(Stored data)
* * *

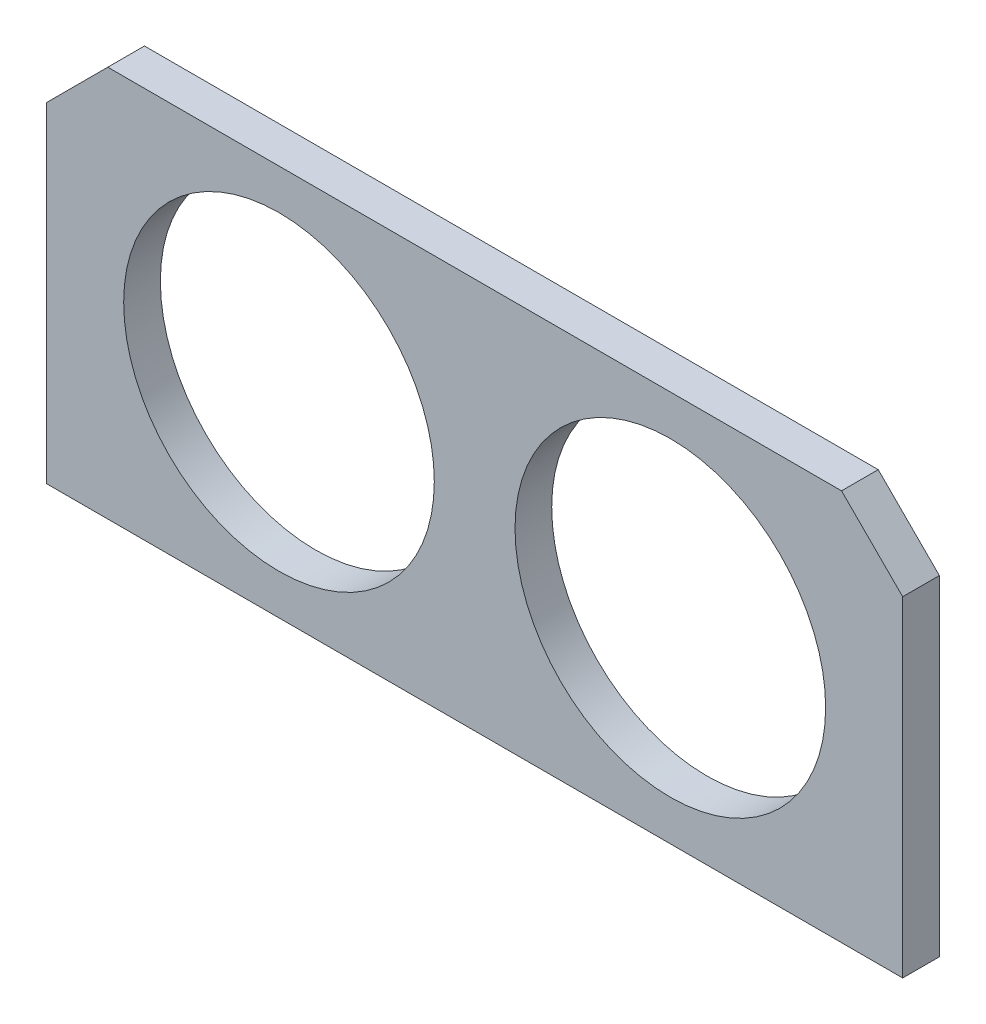
from build123d import *

# Parameters (mm, degrees)
SKETCH1_R           = 12.7
BOSS_EXTRUDE1_DEPTH = 3
CHAMFER1_SIZE       = 5


with BuildPart() as part:
    # Sketch1 → Boss-Extrude1 (new body)
    with BuildSketch(Plane.XY):
        Polygon((-78.698002714, 24.844630316), (-78.698002714, 40.844630316), (-59.698002714, 40.844630316), (-8.698002714, 40.844630316), (-8.698002714, 8.844630316), (-59.698002714, 8.844630316), (-78.698002714, 8.844630316), align=None)
        with Locations((-59.698002714, 24.844630316)):
            Circle(SKETCH1_R, mode=Mode.SUBTRACT)
        with Locations((-27.698002714, 24.844630316)):
            Circle(SKETCH1_R, mode=Mode.SUBTRACT)
    extrude(amount=BOSS_EXTRUDE1_DEPTH)

    # Chamfer1
    chamfer1_edges = [part.edges().sort_by_distance(p)[0] for p in [
        (-8.698002714, 40.844630316, 1.5),
        (-78.698002714, 40.844630316, 1.5),
    ]]
    chamfer(chamfer1_edges, length=CHAMFER1_SIZE)


solid = part.part
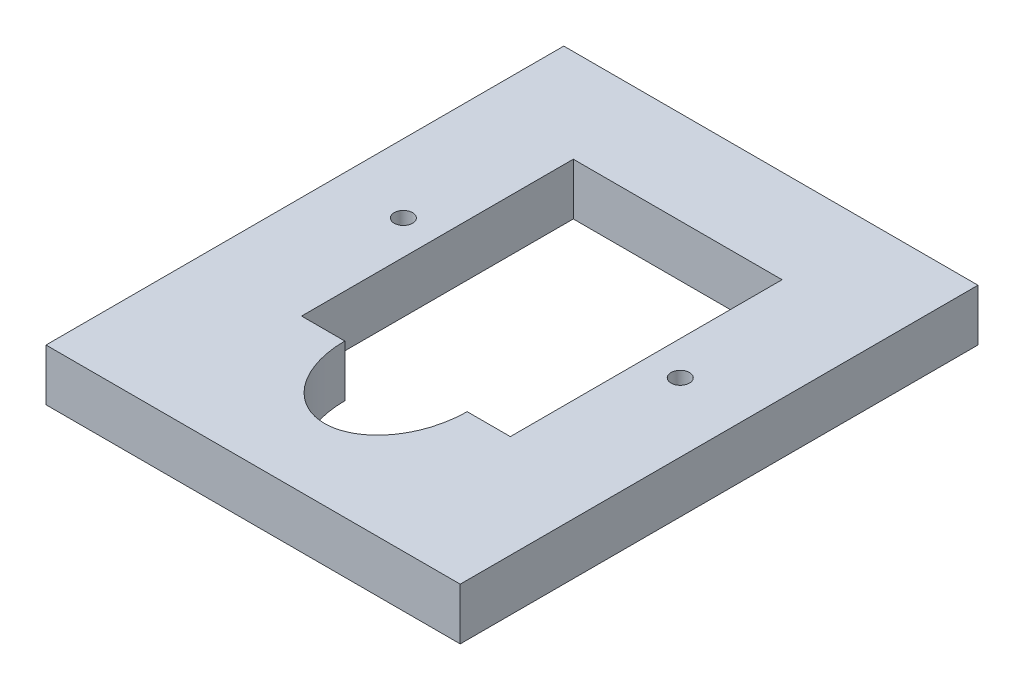
from build123d import *

# Parameters (mm, degrees)
SKETCH1_W           = 50.8
SKETCH1_H           = 63.5
SKETCH1_R           = 1.1303
BOSS_EXTRUDE1_DEPTH = 6.35


with BuildPart() as part:
    # Sketch1 → Boss-Extrude1 (new body)
    with BuildSketch(Plane(origin=(0, 0, 0), x_dir=(1, 0, 0), z_dir=(0, 1, 0))):
        with Locations((21.766538168, -1.869249963)):
            Rectangle(SKETCH1_W, SKETCH1_H)
        with Locations((38.743898168, 1.788350037)):
            Circle(SKETCH1_R, mode=Mode.SUBTRACT)
        with Locations((4.789178168, 1.788350037)):
            Circle(SKETCH1_R, mode=Mode.SUBTRACT)
        with BuildLine():
            Line((29.266538168, -14.874049963), (34.568138168, -14.874049963))
            Line((34.568138168, -14.874049963), (34.568138168, 18.450750037))
            Line((34.568138168, 18.450750037), (8.964938168, 18.450750037))
            Line((8.964938168, 18.450750037), (8.964938168, -14.874049963))
            Line((8.964938168, -14.874049963), (14.266538168, -14.874049963))
            add(Edge.make_bspline(
                [(14.266538168, -14.874049963), (14.266538168, -24.874049963), (21.766538168, -24.874049963), (29.266538168, -24.874049963), (29.266538168, -14.874049963)],
                knots=[1.570796327, 1.570796327, 1.570796327, 3.141592654, 3.141592654, 4.71238898, 4.71238898, 4.71238898], degree=2, weights=[1, 0.707106781, 1, 0.707106781, 1]))
        make_face(mode=Mode.SUBTRACT)
    extrude(amount=BOSS_EXTRUDE1_DEPTH)


solid = part.part

* * *

**What you have to do**
Give back all of the data exactly, but not the pictures.

**Task output**
from build123d import *

# Parameters (mm, degrees)
SKETCH1_R           = 12.7
BOSS_EXTRUDE1_DEPTH = 3
CHAMFER1_SIZE       = 5


with BuildPart() as part:
    # Sketch1 → Boss-Extrude1 (new body)
    with BuildSketch(Plane.XY):
        Polygon((-78.698002714, 24.844630316), (-78.698002714, 40.844630316), (-59.698002714, 40.844630316), (-8.698002714, 40.844630316), (-8.698002714, 8.844630316), (-59.698002714, 8.844630316), (-78.698002714, 8.844630316), align=None)
        with Locations((-59.698002714, 24.844630316)):
            Circle(SKETCH1_R, mode=Mode.SUBTRACT)
        with Locations((-27.698002714, 24.844630316)):
            Circle(SKETCH1_R, mode=Mode.SUBTRACT)
    extrude(amount=BOSS_EXTRUDE1_DEPTH)

    # Chamfer1
    chamfer1_edges = [part.edges().sort_by_distance(p)[0] for p in [
        (-8.698002714, 40.844630316, 1.5),
        (-78.698002714, 40.844630316, 1.5),
    ]]
    chamfer(chamfer1_edges, length=CHAMFER1_SIZE)


solid = part.part
from build123d import *

# Parameters (mm, degrees)
SKETCH1_W           = 50.8
SKETCH1_H           = 63.5
SKETCH1_R           = 1.1303
BOSS_EXTRUDE1_DEPTH = 6.35


with BuildPart() as part:
    # Sketch1 → Boss-Extrude1 (new body)
    with BuildSketch(Plane(origin=(0, 0, 0), x_dir=(1, 0, 0), z_dir=(0, 1, 0))):
        with Locations((21.766538168, -1.869249963)):
            Rectangle(SKETCH1_W, SKETCH1_H)
        with Locations((38.743898168, 1.788350037)):
            Circle(SKETCH1_R, mode=Mode.SUBTRACT)
        with Locations((4.789178168, 1.788350037)):
            Circle(SKETCH1_R, mode=Mode.SUBTRACT)
        with BuildLine():
            Line((29.266538168, -14.874049963), (34.568138168, -14.874049963))
            Line((34.568138168, -14.874049963), (34.568138168, 18.450750037))
            Line((34.568138168, 18.450750037), (8.964938168, 18.450750037))
            Line((8.964938168, 18.450750037), (8.964938168, -14.874049963))
            Line((8.964938168, -14.874049963), (14.266538168, -14.874049963))
            add(Edge.make_bspline(
                [(14.266538168, -14.874049963), (14.266538168, -24.874049963), (21.766538168, -24.874049963), (29.266538168, -24.874049963), (29.266538168, -14.874049963)],
                knots=[1.570796327, 1.570796327, 1.570796327, 3.141592654, 3.141592654, 4.71238898, 4.71238898, 4.71238898], degree=2, weights=[1, 0.707106781, 1, 0.707106781, 1]))
        make_face(mode=Mode.SUBTRACT)
    extrude(amount=BOSS_EXTRUDE1_DEPTH)


solid = part.part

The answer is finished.